(425f) Transcriptomic and Proteomic Profiling of Ethanol-Tolerant Clostridium Thermocellum

Clostridium thermocellum is a cellulolytic and ethanogenic organism that could convert cellulosic materials directly to bioethanol. However, its low ethanol tolerance has been an obstacle for the process industrialization. A strain tolerant of 6% (w/v) ethanol obtained by sequential transfer was capable of producing twice higher concentration of ethanol than wild type in fed-batch culture. Transcriptomic and proteomic analysis were performed on exponentially growing and stationary phase wild type and tolerant strain. Wild type and tolerant strain exhibited similar dynamics in transiting from growth to stationary phase in many gene classes including molecular chaperones, cellulosome, and ATP synthases.
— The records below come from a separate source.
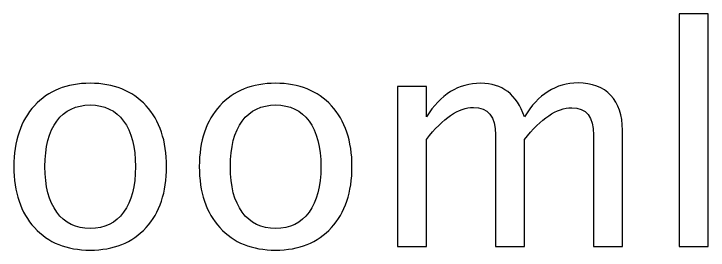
# Model space of a CAD drawing. Header units: centimetres. Extents: x -201 to 63, y -83 to 73.
# Drawn here: x -64.38 to -52.21, y 68.61 to 72.75 of the extents above; entities that cross this region are included whole.
import ezdxf

# ---------------------------------------------------------------- set-up
doc = ezdxf.new("R2010")
doc.units = ezdxf.units.CM
doc.header["$MEASUREMENT"] = 0
doc.layers.add('Layer 1', color=7, linetype='Continuous')

msp = doc.modelspace()

# ---------------------------------------------------------------- linework, layer by layer
at = {"layer": 'Layer 1'}
for points, knots in [([(-52.71817, 68.67044), (-52.71817, 68.67044), (-52.71817, 72.75032), (-52.71817, 72.75032), (-52.71817, 72.75032), (-52.71817, 72.75032), (-52.21017, 72.75032), (-52.21017, 72.75032), (-52.21017, 72.75032), (-52.21017, 72.75032), (-52.21017, 68.67044), (-52.21017, 68.67044), (-52.21017, 68.67044), (-52.21017, 68.67044), (-52.71817, 68.67044), (-52.71817, 68.67044)], [0, 0, 0, 0, 0.2, 0.2, 0.2, 0.2, 0.4, 0.4, 0.4, 0.4, 0.6, 0.6, 0.6, 0.6, 1, 1, 1, 1]), ([(-63.04399, 68.60694), (-63.45586, 68.60694), (-63.78218, 68.73835), (-64.02206, 69.00117), (-64.02206, 69.00117), (-64.26284, 69.26399), (-64.38278, 69.62118), (-64.38278, 70.07185), (-64.38278, 70.07185), (-64.38278, 70.52164), (-64.26284, 70.87795), (-64.02206, 71.13989), (-64.02206, 71.13989), (-63.78218, 71.40182), (-63.45586, 71.53323), (-63.04399, 71.53323), (-63.04399, 71.53323), (-62.63212, 71.53323), (-62.3058, 71.40182), (-62.06591, 71.13989), (-62.06591, 71.13989), (-61.82514, 70.87795), (-61.70519, 70.52164), (-61.70519, 70.07185), (-61.70519, 70.07185), (-61.70519, 69.62118), (-61.82514, 69.26399), (-62.06591, 69.00117), (-62.06591, 69.00117), (-62.3058, 68.73835), (-62.63212, 68.60694), (-63.04399, 68.60694)], [0, 0, 0, 0, 0.11111111, 0.11111111, 0.11111111, 0.11111111, 0.22222222, 0.22222222, 0.22222222, 0.22222222, 0.33333333, 0.33333333, 0.33333333, 0.33333333, 0.44444444, 0.44444444, 0.44444444, 0.44444444, 0.55555556, 0.55555556, 0.55555556, 0.55555556, 0.66666667, 0.66666667, 0.66666667, 0.66666667, 0.77777778, 0.77777778, 0.77777778, 0.77777778, 1, 1, 1, 1]), ([(-59.79314, 68.60694), (-60.20501, 68.60694), (-60.53133, 68.73835), (-60.77121, 69.00117), (-60.77121, 69.00117), (-61.01199, 69.26399), (-61.13193, 69.62118), (-61.13193, 70.07185), (-61.13193, 70.07185), (-61.13193, 70.52164), (-61.01199, 70.87795), (-60.77121, 71.13989), (-60.77121, 71.13989), (-60.53133, 71.40182), (-60.20501, 71.53323), (-59.79314, 71.53323), (-59.79314, 71.53323), (-59.38127, 71.53323), (-59.05495, 71.40182), (-58.81506, 71.13989), (-58.81506, 71.13989), (-58.57429, 70.87795), (-58.45434, 70.52164), (-58.45434, 70.07185), (-58.45434, 70.07185), (-58.45434, 69.62118), (-58.57429, 69.26399), (-58.81506, 69.00117), (-58.81506, 69.00117), (-59.05495, 68.73835), (-59.38127, 68.60694), (-59.79314, 68.60694)], [0, 0, 0, 0, 0.11111111, 0.11111111, 0.11111111, 0.11111111, 0.22222222, 0.22222222, 0.22222222, 0.22222222, 0.33333333, 0.33333333, 0.33333333, 0.33333333, 0.44444444, 0.44444444, 0.44444444, 0.44444444, 0.55555556, 0.55555556, 0.55555556, 0.55555556, 0.66666667, 0.66666667, 0.66666667, 0.66666667, 0.77777778, 0.77777778, 0.77777778, 0.77777778, 1, 1, 1, 1]), ([(-57.65883, 68.67044), (-57.65883, 68.67044), (-57.65883, 71.47503), (-57.65883, 71.47503), (-57.65883, 71.47503), (-57.65883, 71.47503), (-57.15083, 71.47503), (-57.15083, 71.47503), (-57.15083, 71.47503), (-57.15083, 71.47503), (-57.15083, 70.94498), (-57.15083, 70.94498), (-57.15083, 70.94498), (-56.903, 71.33744), (-56.5855, 71.53323), (-56.19656, 71.53323), (-56.19656, 71.53323), (-55.82174, 71.53323), (-55.56686, 71.33744), (-55.43104, 70.94498), (-55.43104, 70.94498), (-55.19027, 71.34097), (-54.87629, 71.53853), (-54.49088, 71.53853), (-54.49088, 71.53853), (-54.24482, 71.53853), (-54.05344, 71.46621), (-53.91674, 71.32068), (-53.91674, 71.32068), (-53.78004, 71.17516), (-53.71124, 70.97143), (-53.71124, 70.7095), (-53.71124, 70.7095), (-53.71124, 70.7095), (-53.71124, 68.67044), (-53.71124, 68.67044), (-53.71124, 68.67044), (-53.71124, 68.67044), (-54.21924, 68.67044), (-54.21924, 68.67044), (-54.21924, 68.67044), (-54.21924, 68.67044), (-54.21924, 70.62571), (-54.21924, 70.62571), (-54.21924, 70.62571), (-54.21924, 70.94498), (-54.34624, 71.10461), (-54.60024, 71.10461), (-54.60024, 71.10461), (-54.86395, 71.10461), (-55.14088, 70.91852), (-55.43104, 70.54546), (-55.43104, 70.54546), (-55.43104, 70.54546), (-55.43104, 68.67044), (-55.43104, 68.67044), (-55.43104, 68.67044), (-55.43104, 68.67044), (-55.93904, 68.67044), (-55.93904, 68.67044), (-55.93904, 68.67044), (-55.93904, 68.67044), (-55.93904, 70.62748), (-55.93904, 70.62748), (-55.93904, 70.62748), (-55.93904, 70.94939), (-56.0678, 71.1099), (-56.32621, 71.1099), (-56.32621, 71.1099), (-56.58286, 71.1099), (-56.85802, 70.92293), (-57.15083, 70.5481), (-57.15083, 70.5481), (-57.15083, 70.5481), (-57.15083, 68.67044), (-57.15083, 68.67044), (-57.15083, 68.67044), (-57.15083, 68.67044), (-57.65883, 68.67044), (-57.65883, 68.67044)], [0, 0, 0, 0, 0.04761905, 0.04761905, 0.04761905, 0.04761905, 0.0952381, 0.0952381, 0.0952381, 0.0952381, 0.14285714, 0.14285714, 0.14285714, 0.14285714, 0.19047619, 0.19047619, 0.19047619, 0.19047619, 0.23809524, 0.23809524, 0.23809524, 0.23809524, 0.28571429, 0.28571429, 0.28571429, 0.28571429, 0.33333333, 0.33333333, 0.33333333, 0.33333333, 0.38095238, 0.38095238, 0.38095238, 0.38095238, 0.42857143, 0.42857143, 0.42857143, 0.42857143, 0.47619048, 0.47619048, 0.47619048, 0.47619048, 0.52380952, 0.52380952, 0.52380952, 0.52380952, 0.57142857, 0.57142857, 0.57142857, 0.57142857, 0.61904762, 0.61904762, 0.61904762, 0.61904762, 0.66666667, 0.66666667, 0.66666667, 0.66666667, 0.71428571, 0.71428571, 0.71428571, 0.71428571, 0.76190476, 0.76190476, 0.76190476, 0.76190476, 0.80952381, 0.80952381, 0.80952381, 0.80952381, 0.85714286, 0.85714286, 0.85714286, 0.85714286, 0.9047619, 0.9047619, 0.9047619, 0.9047619, 1, 1, 1, 1]), ([(-63.04487, 68.98794), (-62.79351, 68.98794), (-62.59772, 69.08231), (-62.45838, 69.27193), (-62.45838, 69.27193), (-62.31991, 69.46066), (-62.25024, 69.72789), (-62.25024, 70.07185), (-62.25024, 70.07185), (-62.25024, 70.41493), (-62.31991, 70.68127), (-62.45838, 70.87001), (-62.45838, 70.87001), (-62.59772, 71.05787), (-62.79351, 71.15223), (-63.04487, 71.15223), (-63.04487, 71.15223), (-63.29711, 71.15223), (-63.4929, 71.05787), (-63.63048, 70.87001), (-63.63048, 70.87001), (-63.76895, 70.68127), (-63.83774, 70.41493), (-63.83774, 70.07185), (-63.83774, 70.07185), (-63.83774, 69.72789), (-63.76895, 69.46066), (-63.63048, 69.27193), (-63.63048, 69.27193), (-63.4929, 69.08231), (-63.29711, 68.98794), (-63.04487, 68.98794)], [0, 0, 0, 0, 0.11111111, 0.11111111, 0.11111111, 0.11111111, 0.22222222, 0.22222222, 0.22222222, 0.22222222, 0.33333333, 0.33333333, 0.33333333, 0.33333333, 0.44444444, 0.44444444, 0.44444444, 0.44444444, 0.55555556, 0.55555556, 0.55555556, 0.55555556, 0.66666667, 0.66666667, 0.66666667, 0.66666667, 0.77777778, 0.77777778, 0.77777778, 0.77777778, 1, 1, 1, 1]), ([(-59.79402, 68.98794), (-59.54266, 68.98794), (-59.34687, 69.08231), (-59.20753, 69.27193), (-59.20753, 69.27193), (-59.06906, 69.46066), (-58.99939, 69.72789), (-58.99939, 70.07185), (-58.99939, 70.07185), (-58.99939, 70.41493), (-59.06906, 70.68127), (-59.20753, 70.87001), (-59.20753, 70.87001), (-59.34687, 71.05787), (-59.54266, 71.15223), (-59.79402, 71.15223), (-59.79402, 71.15223), (-60.04626, 71.15223), (-60.24205, 71.05787), (-60.37963, 70.87001), (-60.37963, 70.87001), (-60.5181, 70.68127), (-60.58689, 70.41493), (-60.58689, 70.07185), (-60.58689, 70.07185), (-60.58689, 69.72789), (-60.5181, 69.46066), (-60.37963, 69.27193), (-60.37963, 69.27193), (-60.24205, 69.08231), (-60.04626, 68.98794), (-59.79402, 68.98794)], [0, 0, 0, 0, 0.11111111, 0.11111111, 0.11111111, 0.11111111, 0.22222222, 0.22222222, 0.22222222, 0.22222222, 0.33333333, 0.33333333, 0.33333333, 0.33333333, 0.44444444, 0.44444444, 0.44444444, 0.44444444, 0.55555556, 0.55555556, 0.55555556, 0.55555556, 0.66666667, 0.66666667, 0.66666667, 0.66666667, 0.77777778, 0.77777778, 0.77777778, 0.77777778, 1, 1, 1, 1])]:
    msp.add_open_spline(points, degree=3, knots=knots, dxfattribs=at)

doc.saveas('drawing.dxf')

Whereas many genes underwent different responses between them, and these genes were involved in membrane transport of cellodextrin, oligopeptide, nitrogen and sulfate, maintaining redox homeostasis, such as ferredoxin, thioredoxin and rubredoxin, and hydrogen production. Combining transcriptomic data and iTRAQ-based quantitative proteomic results, genes and gene classes related to high ethanol tolerance feature were explored, which has shed light on the mechanism of ethanol tolerance of Clostridium thermocellum.